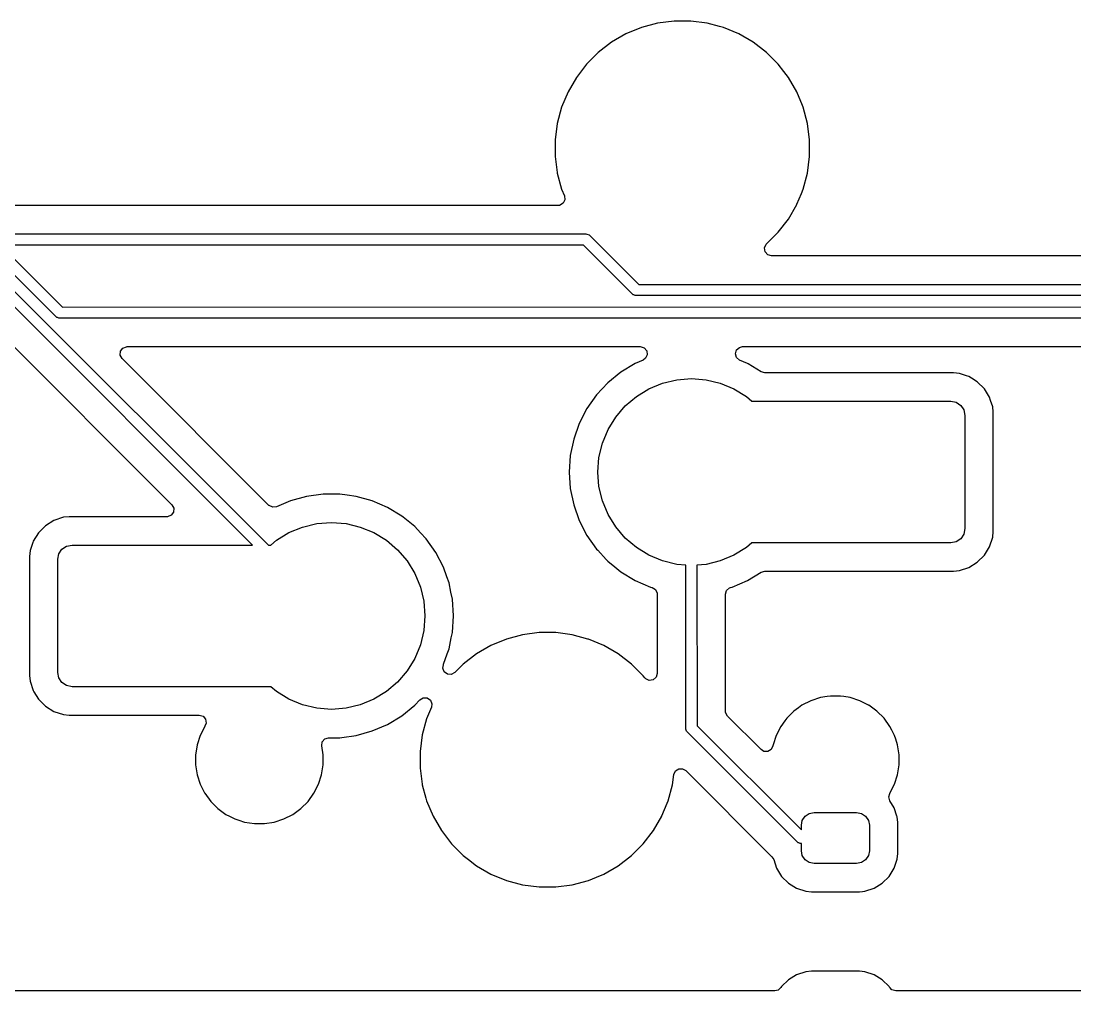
# Model space of a CAD drawing. Header units: millimetres. Extents: x 46 to 4458, y 59 to 1499.
# Drawn here: x 1974.96 to 1993.55, y 900.96 to 918.08 of the extents above; entities that cross this region are included whole.
import ezdxf

# ---------------------------------------------------------------- set-up
doc = ezdxf.new("R2010")
doc.units = ezdxf.units.MM
doc.layers.add('BLACK', color=7, linetype='Continuous')

msp = doc.modelspace()

# ---------------------------------------------------------------- linework, layer by layer
at = {"layer": 'BLACK', "linetype": 'Continuous'}
for p, q in [((1985.90387, 917.96174), (1985.63207, 917.84915)), ((1986.18807, 918.03789), (1985.90387, 917.96174)), ((1986.47975, 918.07629), (1986.18807, 918.03789)), ((1986.47976, 918.07629), (1986.47975, 918.07629)), ((1986.77398, 918.07629), (1986.47976, 918.07629)), ((1986.47976, 918.07629), (1986.47976, 918.07629)), ((1986.77399, 918.07629), (1986.77398, 918.07629)), ((1986.77398, 918.07629), (1986.77398, 918.07629)), ((1987.06567, 918.03789), (1986.77399, 918.07629)), ((1987.28458, 917.97923), (1987.06567, 918.03789)), ((1987.06567, 918.03789), (1987.06567, 918.03789)), ((1987.06567, 918.03789), (1987.06567, 918.03789)), ((1987.34986, 917.96174), (1987.28458, 917.97923)), ((1987.62166, 917.84915), (1987.34986, 917.96174)), ((1985.63206, 917.84915), (1985.37728, 917.70205)), ((1985.63207, 917.84915), (1985.63206, 917.84915)), ((1987.62168, 917.84915), (1987.62166, 917.84915)), ((1987.87646, 917.70205), (1987.62168, 917.84915)), ((1985.37726, 917.70204), (1985.14386, 917.52294)), ((1985.37728, 917.70205), (1985.37726, 917.70204)), ((1987.87647, 917.70204), (1987.87646, 917.70205)), ((1987.87646, 917.70205), (1987.87646, 917.70205)), ((1988.10988, 917.52294), (1987.87647, 917.70204)), ((1987.87647, 917.70204), (1987.87647, 917.70204)), ((1987.87647, 917.70204), (1987.87647, 917.70204)), ((1985.14385, 917.52293), (1984.93582, 917.3149)), ((1985.14386, 917.52294), (1985.14385, 917.52293)), ((1988.10989, 917.52293), (1988.10988, 917.52294)), ((1988.31791, 917.3149), (1988.10989, 917.52293)), ((1984.93582, 917.3149), (1984.75672, 917.08149)), ((1984.93582, 917.3149), (1984.93582, 917.3149)), ((1988.31792, 917.3149), (1988.31791, 917.3149)), ((1988.41602, 917.18705), (1988.31792, 917.3149)), ((1988.49702, 917.08148), (1988.41602, 917.18705)), ((1984.75671, 917.08148), (1984.60961, 916.8267)), ((1984.75672, 917.08149), (1984.75671, 917.08148)), ((1988.49703, 917.08148), (1988.49702, 917.08148)), ((1988.64413, 916.8267), (1988.49703, 917.08148)), ((1984.6096, 916.82668), (1984.49702, 916.55488)), ((1984.60961, 916.8267), (1984.6096, 916.82668)), ((1988.64413, 916.82668), (1988.64413, 916.8267)), ((1988.74421, 916.58508), (1988.64413, 916.82668)), ((1984.49702, 916.55488), (1984.42087, 916.27068)), ((1988.75672, 916.55487), (1988.74421, 916.58508)), ((1988.83287, 916.27069), (1988.75672, 916.55487)), ((1984.42087, 916.27068), (1984.38247, 915.979)), ((1988.87127, 915.97899), (1988.83287, 916.27069)), ((1984.38247, 915.979), (1984.38247, 915.97899)), ((1984.38247, 915.97899), (1984.38247, 915.68479)), ((1988.87127, 915.68478), (1988.87127, 915.97899)), ((1984.38247, 915.68479), (1984.38247, 915.68477)), ((1984.38247, 915.68477), (1984.41986, 915.40075)), ((1988.83287, 915.39309), (1988.87127, 915.68478)), ((1984.41986, 915.40075), (1984.42087, 915.39309)), ((1984.42087, 915.39309), (1984.49619, 915.11198)), ((1988.75672, 915.1089), (1988.83287, 915.39309)), ((1984.49619, 915.11198), (1984.49702, 915.10889)), ((1984.49702, 915.10889), (1984.54571, 914.99134)), ((1984.54571, 914.99134), (1984.55318, 914.92187)), ((1988.64724, 914.84459), (1988.72634, 915.03557)), ((1988.72634, 915.03557), (1988.75672, 915.1089)), ((1984.43115, 914.81989), (1947.30179, 914.81989)), ((1984.46182, 914.82374), (1984.43115, 914.81989)), ((1984.52191, 914.85939), (1984.46182, 914.82374)), ((1984.55318, 914.92187), (1984.52191, 914.85939)), ((1988.49702, 914.58229), (1988.64413, 914.83708)), ((1988.64413, 914.83708), (1988.64724, 914.84459)), ((1988.31792, 914.34888), (1988.49702, 914.58229)), ((1947.36134, 914.31747), (1984.92459, 914.31939)), ((1984.92459, 914.31939), (1984.9441, 914.31747)), ((1984.9441, 914.31747), (1984.98015, 914.30253)), ((1984.98015, 914.30253), (1985.8573, 913.42802)), ((1988.11116, 914.14212), (1988.31791, 914.34887)), ((1988.31791, 914.34887), (1988.31792, 914.34888)), ((1984.88134, 914.12131), (1947.41964, 914.11939)), ((1985.75849, 913.24679), (1984.88134, 914.12131)), ((1988.07611, 914.07208), (1988.10513, 914.13564)), ((1988.08605, 914.00293), (1988.07611, 914.07208)), ((1988.10513, 914.13564), (1988.11116, 914.14212)), ((1974.81436, 913.90253), (1975.69151, 913.02802)), ((1988.1318, 913.95012), (1988.08605, 914.00293)), ((1988.19884, 913.93044), (1988.1318, 913.95012)), ((2008.8674, 913.93044), (1988.19884, 913.93044)), ((1975.5927, 912.84679), (1974.71555, 913.7213)), ((1974.64868, 913.50253), (1979.32649, 908.82689)), ((1979.0463, 908.82689), (1974.54979, 913.3213)), ((1985.8573, 913.42802), (2027.07007, 913.42994)), ((1985.76904, 913.24242), (1985.75849, 913.24679)), ((1985.79454, 913.23186), (1985.76904, 913.24242)), ((1985.81404, 913.22994), (1985.79454, 913.23186)), ((2027.02674, 913.23186), (1985.81404, 913.22994)), ((1975.69151, 913.02802), (1998.89507, 913.02994)), ((1974.3807, 912.78257), (1977.6242, 909.53907)), ((1975.60326, 912.84242), (1975.5927, 912.84679)), ((1975.62875, 912.83186), (1975.60326, 912.84242)), ((1975.64826, 912.82994), (1975.62875, 912.83186)), ((1998.85175, 912.83185), (1975.64826, 912.82994)), ((1976.7105, 912.17908), (1976.71548, 912.24877)), ((1976.74399, 912.11776), (1976.7105, 912.17908)), ((1976.71548, 912.24877), (1976.75736, 912.3047)), ((1976.75736, 912.3047), (1976.82282, 912.32912)), ((1976.82282, 912.32912), (1976.83167, 912.32944)), ((1976.83167, 912.32944), (1985.88487, 912.32944)), ((1985.88487, 912.32944), (1985.95191, 912.30975)), ((1985.95191, 912.30975), (1985.99767, 912.25695)), ((1986.00761, 912.18779), (1985.97859, 912.12423)), ((1985.99767, 912.25695), (1986.00761, 912.18779)), ((1987.56239, 912.20313), (1987.58082, 912.27052)), ((1987.58332, 912.13647), (1987.56239, 912.20313)), ((1987.58082, 912.27052), (1987.63276, 912.31725)), ((1987.63276, 912.31725), (1987.68637, 912.32944)), ((1987.68637, 912.32944), (1998.59497, 912.32944)), ((1979.33341, 909.52833), (1976.74399, 912.11776)), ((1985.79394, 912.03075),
__________________________________________________
→ Task item: What lines in the data hold the word "Continuous"? Return them.

→ Answer for the task:
doc.layers.add('BLACK', color=7, linetype='Continuous')
at = {"layer": 'BLACK', "linetype": 'Continuous'}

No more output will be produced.